I feel him behind me. My senses finely tuned during these
pandemic pacings. You just never know what may be lurking across the street,
behind a bush, inside a car.
He (or she?
It’s hard to tell, but the energy is male) is across the street, maybe 50 yards
behind me? I can’t tell. But not very close. Yet, close enough that I worry. Dressed
in baggy blue jeans, red sweatshirt, black ski cap, and black mask, I can’t
really see his face. Still, I just want
to get away from him.
Why? Of
course, there’s the obvious. He could be a COVID Carrier. But also, there is
something ominous about him. Maybe it’s the black mask? Yet, everyone wears black
masks, you know if they’re cool. Look at Kamala Harris and Joe Biden. Black
masks. Cool!
Or, am I just
being paranoid? I think I am until he crosses the street to walk directly
behind me. Now this is weird, right? Everyone crosses the street to get away
from each other cuz of COVID, not cross
the street to be nearer to someone.
So, I cross
the street to get away from him. Quicken my pace.
He follows
me. Crosses the street again to follow behind me. Too close.
Okay, now I’m
feeling a bit panicked. Why is he following me? What could he possibly want? It’s not like I have any money on me. Though
he wouldn’t know that. Most people probably carry some money on them, even just
walking around the neighborhood.
I’ve been watching too much Noir. It’s not like I’m Lana Turner’s husband with a $10,000 life insurance policy and a Bier Garten Restaurant in Santa Barbara. There’s a motive for a murder.
I turn the
corner at Barrett, trying to lose him. But no, he turns too and continues
following me. I hurry up Barrett and turn up 30th street, glancing around
at all the silent houses. Where is everyone? On Zoom? In bed? At the store?
Yeah, it’s
Thanksgiving week and everyone’s shopping. Like there isn’t a worldwide
pandemic going on. We’re all just gonna gather together and chow down on turkey
and pumpkin pie. When I went to Safeway on Sunday, it was packed with people obviously
shopping for the holiday. In their carts: big frozen turkeys, aluminum throwaway
pans for roasting, bottles of wine and beer. It’s Thanksgiving. Eat, drink and
get Covid?
Damn! I sure
as hell don’t want Covid for the holidays.
Which is
why I’m trying to get away from The Follower, who seems to be gaining on me.
Shit. What
to do?
Glancing up
the empty driveways, I wonder if I can just run up and knock on someone’s door.
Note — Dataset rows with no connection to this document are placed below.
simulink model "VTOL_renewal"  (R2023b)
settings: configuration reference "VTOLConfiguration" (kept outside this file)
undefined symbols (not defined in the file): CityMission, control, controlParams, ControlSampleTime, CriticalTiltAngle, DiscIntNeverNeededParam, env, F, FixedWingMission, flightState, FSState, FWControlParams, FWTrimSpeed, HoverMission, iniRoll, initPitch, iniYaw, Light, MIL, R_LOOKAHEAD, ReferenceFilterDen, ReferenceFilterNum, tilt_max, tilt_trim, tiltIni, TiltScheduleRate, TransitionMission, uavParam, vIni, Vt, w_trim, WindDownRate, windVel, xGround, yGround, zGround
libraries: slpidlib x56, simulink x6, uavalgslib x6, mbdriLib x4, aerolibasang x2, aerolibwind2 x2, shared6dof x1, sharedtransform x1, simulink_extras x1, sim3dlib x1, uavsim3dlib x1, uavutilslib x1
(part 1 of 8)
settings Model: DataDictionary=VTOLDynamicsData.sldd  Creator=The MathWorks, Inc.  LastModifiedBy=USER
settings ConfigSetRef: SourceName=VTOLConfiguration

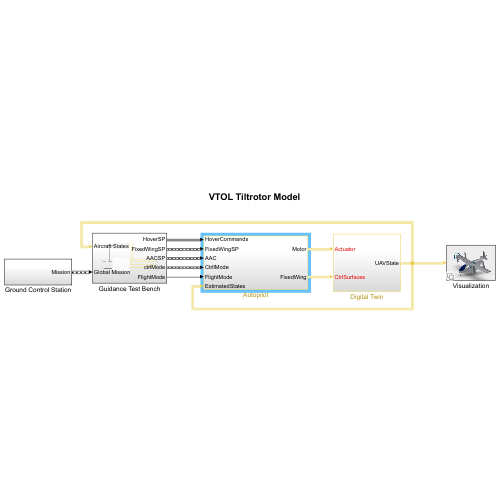
[thumbnail: Simulink's stored preview of the top-level diagram]
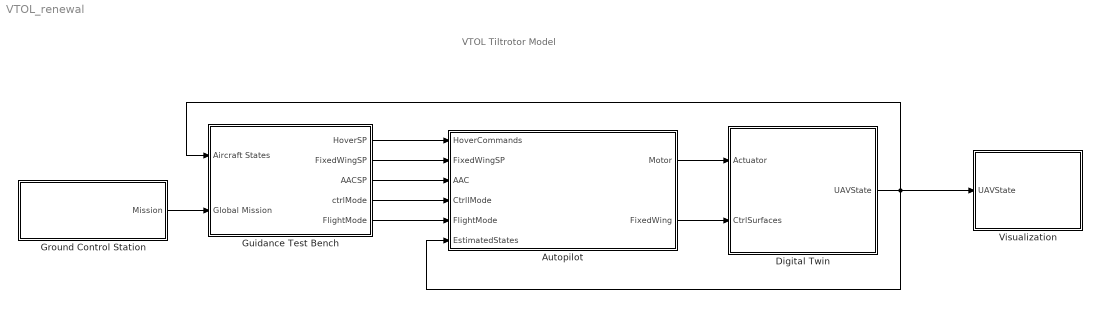
== system VTOL_renewal ==
  note: VTOL Tiltrotor Model
  Autopilot : Subsystem
  Digital Twin : Subsystem
  Ground Control Station : Subsystem
  Guidance Test Bench : Subsystem
  Visualization : Subsystem  Variant=on  VariantControl=Visualization
      mask Display: image('TiltrotorVisualization.PNG'); % Use "Edit Image" on toolstrip to change.
  wires:
  Autopilot/1(Motor) -> Digital Twin/1(Actuator)
  Autopilot/2(FixedWing) -> Digital Twin/2(CtrlSurfaces)
  Guidance Test Bench/1(HoverSP) -> Autopilot/1(HoverCommands)
  Ground Control Station/1(Mission) -> Guidance Test Bench/2(Global Mission)
  Guidance Test Bench/2(FixedWingSP) -> Autopilot/2(FixedWingSP)
  Guidance Test Bench/3(AACSP) -> Autopilot/3(AAC)
  Guidance Test Bench/5(FlightMode) -> Autopilot/5(FlightMode)
  Digital Twin/1(UAVState) -> Guidance Test Bench/1(Aircraft States), Autopilot/6(EstimatedStates), Visualization/1(UAVState)
  Guidance Test Bench/4(ctrlMode) -> Autopilot/4(CtrllMode)

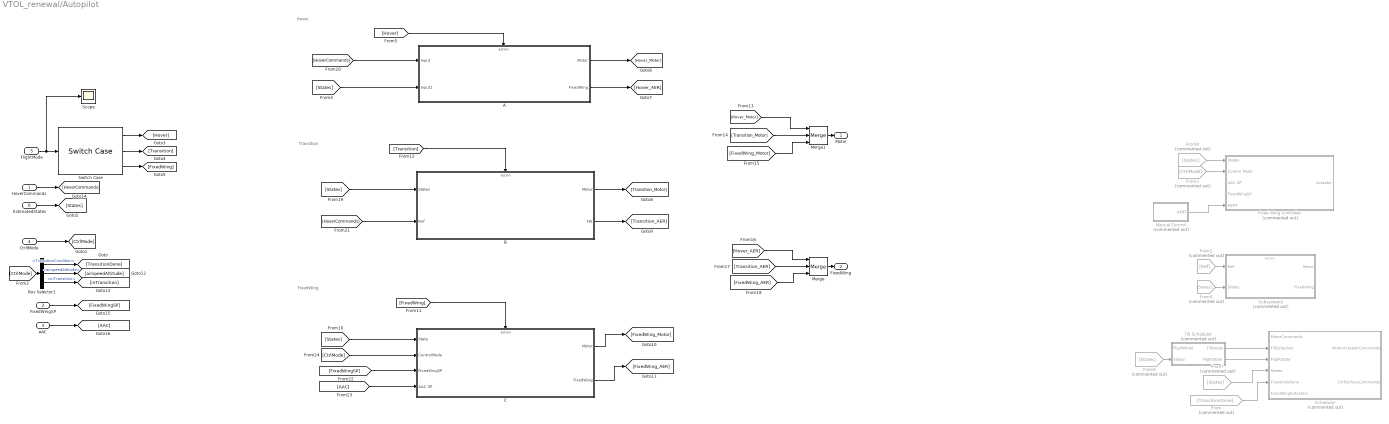
== system VTOL_renewal/Autopilot ==
  note: FixedWing
  note: Transition
  note: Hover
  HoverCommands : Inport
  FixedWingSP : Inport  Port=2
  AAC : Inport  Port=3
  CtrllMode : Inport  Port=4
  FlightMode : Inport  Port=5
  EstimatedStates : Inport  Port=6
  A : Subsystem  TreatAsAtomicUnit=on
  B : Subsystem
  Bus Selector1 : BusSelector  OutputSignals=TransitionCondition,airspeedAltitude,inTransition
  C : Subsystem
  Fixed Wing Controller : Subsystem  Commented=on  Variant=on  VariantControl=Fixed Wing Controller
  From : From  Commented=on  GotoTag=TransitionDone
  From1 : From  Commented=on  GotoTag=Ref
  From3 : From  Commented=on  GotoTag=CtrlMode
  From{6..9} (4 alike) : From  Commented=on  GotoTag=States
  Manual Control : Subsystem  Commented=on
  Merge : Merge  Inputs=3
  Merge1 : Merge  Inputs=3
  Scheduler : Subsystem  Commented=on  SystemSampleTime=0.005
  Scope : Scope
  Subsystem5 : Subsystem  Commented=on
  Switch Case : SwitchCase  CaseConditions={flightState.Hover, flightState.Transition, flightState.FixedWing}  ShowDefaultCase=off
  Tilt Scheduler : Subsystem  Commented=on
  Motor : Outport  OutDataTypeStr=Bus: RotorCntrlBus
  FixedWing : Outport  Port=2
  wires:
  Tilt Scheduler/1(TiltAngle) -> Scheduler/2(TiltSchedule)
  Manual Control/1(AERT) -> Fixed Wing Controller/5(AERT)
  From/1 -> Scheduler/5(TransitionDone)
  Tilt Scheduler/2(FlightState) -> Scheduler/3(FlightState)
  Bus Selector1/1 -> [TransitionDone]  "<TransitionCondition>"
  From3/1 -> Fixed Wing Controller/2(Control Mode)
  [CtrlMode] -> Bus Selector1/1
  EstimatedStates/1 -> [States]
  From8/1 -> Fixed Wing Controller/1(States)
  From6/1 -> Tilt Scheduler/2(States)
  From7/1 -> Scheduler/4(States)
  FlightMode/1 -> Scope/1, Switch Case/1
  Switch Case/1 -> [Hover]
  Switch Case/2 -> [Transition]
  Switch Case/3 -> [FixedWing]
  CtrllMode/1 -> [CtrlMode]
  From9/1 -> Subsystem5/2(States)
  From1/1 -> Subsystem5/1(Ref)
  [States] -> C/1(State)
  [Hover] -> A/Action
  [States] -> A/2(Input1)
  [Transition] -> B/Action
  A/1(Motor) -> [Hover_Motor]
  A/2(FixedWing) -> [Hover_AER]
  B/1(Motor) -> [Transition_Motor]
  B/2(FW) -> [Transition_AER]
  C/1(Motor) -> [FixedWing_Motor]
  C/2(FixedWing) -> [FixedWing_AER]
  [Transition_Motor] -> Merge1/2
  [Transition_AER] -> Merge/2
  [States] -> B/1(States)
  [FixedWing] -> C/Action
  Bus Selector1/2 -> [airspeedAltitude]  "<airspeedAltitude>"
  Bus Selector1/3 -> [inTransition]  "<inTransition>"
  FixedWingSP/1 -> [FixedWingSP]
  [Hover_Motor] -> Merge1/1
  [Hover_AER] -> Merge/1
  HoverCommands/1 -> [HoverCommands]
  [HoverCommands] -> A/1(Input)
  [HoverCommands] -> B/2(Ref)
  AAC/1 -> [AAC]
  [AAC] -> C/4(AAC SP)
  [FixedWingSP] -> C/3(FixedWingSP)
  [CtrlMode] -> C/2(ControlMode)
  Merge1/1 -> Motor/1
  [FixedWing_Motor] -> Merge1/3
  Merge/1 -> FixedWing/1
  [FixedWing_AER] -> Merge/3

== system VTOL_renewal/Digital Twin ==
  Actuator : Inport
  CtrlSurfaces : Inport  Port=2
  6DOF (Euler Angles)1 : shared6dof/6DOF (Euler Angles)  units=Metric (MKS)  mtype=Fixed  rep=Euler Angles  xme_0=[xGround, yGround, zGround]  Vm_0=[vIni 0 0]  eul_0=[iniRoll initPitch iniYaw]  pm_0=[0 0 0]  mass_0=6.031  mass_e=0.5  mass_f=2.0  inertia=[uavParam.geom.Ixx 0 0; 0 uavParam.geom.Iyy 0; 0 0 uavParam.geom.Izz]  inertia_e=eye(3)  inertia_f=2*eye(3)  k_quat=1.0  vre_flag=on  abi_flag=on  aMode=0  xme_statename=''  Vm_statename=''  eul_statename=''  quat_statename=''  pm_statename=''  mass_statename=''
  Bus Selector : BusSelector  OutputSignals=RotorParameters.w1,RotorParameters.w2,RotorParameters.w3,RotorParameters.w4
  Bus Selector1 : BusSelector  OutputSignals=Xe,Ve,Euler,pqr
  Demux : Demux  Outputs=3
  Demux1 : Demux  Outputs=3
  Force and Moments : Subsystem
  Ground Truth Bus : Subsystem
  Scope : Scope  NumInputPorts=4
  Scope{1..10} (10 alike) : Scope
  Subsystem2 : Subsystem
  Terminator : Terminator
  UAVState : Outport
  wires:
  Force and Moments/1(F) -> 6DOF (Euler Angles)1/1
  Force and Moments/2(M) -> 6DOF (Euler Angles)1/2
  Actuator/1 -> Force and Moments/1(Actuator)
  CtrlSurfaces/1 -> Force and Moments/2(CtrlSurfaces)
  6DOF (Euler Angles)1/1 -> Ground Truth Bus/1(Ve)  "Ve"
  6DOF (Euler Angles)1/2 -> Ground Truth Bus/2(Xe)  "Xe"
  6DOF (Euler Angles)1/3 -> Ground Truth Bus/3(Euler)  "Euler"
  6DOF (Euler Angles)1/4 -> Ground Truth Bus/4(DCMbe)  "DCMbe"
  6DOF (Euler Angles)1/5 -> Ground Truth Bus/5(Vb)  "Vb"
  6DOF (Euler Angles)1/6 -> Ground Truth Bus/6(pqr)  "pqr"
  6DOF (Euler Angles)1/7 -> Terminator/1
  6DOF (Euler Angles)1/8 -> Ground Truth Bus/7(Abb)  "Abb"
  Force and Moments/3(RotorParams) -> Ground Truth Bus/9(RotorParams)  "RotorParams"
  Force and Moments/4(AirData) -> Ground Truth Bus/10(AirData)
  6DOF (Euler Angles)1/9 -> Ground Truth Bus/8(Abe)
  Ground Truth Bus/1(Ground Truth) -> Bus Selector1/1, Bus Selector/1, UAVState/1, Force and Moments/3(States)  "Ground Truth"
  Bus Selector/1 -> Scope/1  "<w1>"
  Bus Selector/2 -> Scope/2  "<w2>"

“Help, Help!!! I’m being followed by a Masked Man. Call the cops!!!”
But no. No
one would open their door to a stranger, right? Not in the best of times and
esp. not now with the Virus Surging through the Bay Area, felling folks in record
numbers.
I glance
around and he’s still behind me. I turn another corner, up Roosevelt, and then
rush down 31st. I know some people on this street as I hurry down
the sidewalk, my heart pounding.
Is he still
there? I look back. I don’t see him.
Squiggy, the black cat, is out on his shady lawn. I pause, kneeling down behind a parked car, “C’mere Squiggy…” He gazes at me, golden eyes bored and placid, then sits down. Starts to groom his face. I continue crouching, thinking how The Follower can’t see me now. Maybe I’ve given him the slip?
Finished
with his face, Squiggy comes up to me now, doing a head bump into my knee and
nearly knocking me over. I start to giggle. “Squiggy! What are you doing?”
He repeats
his knock down bump. I give him a head pat as I keep an eye peeled for The Follower.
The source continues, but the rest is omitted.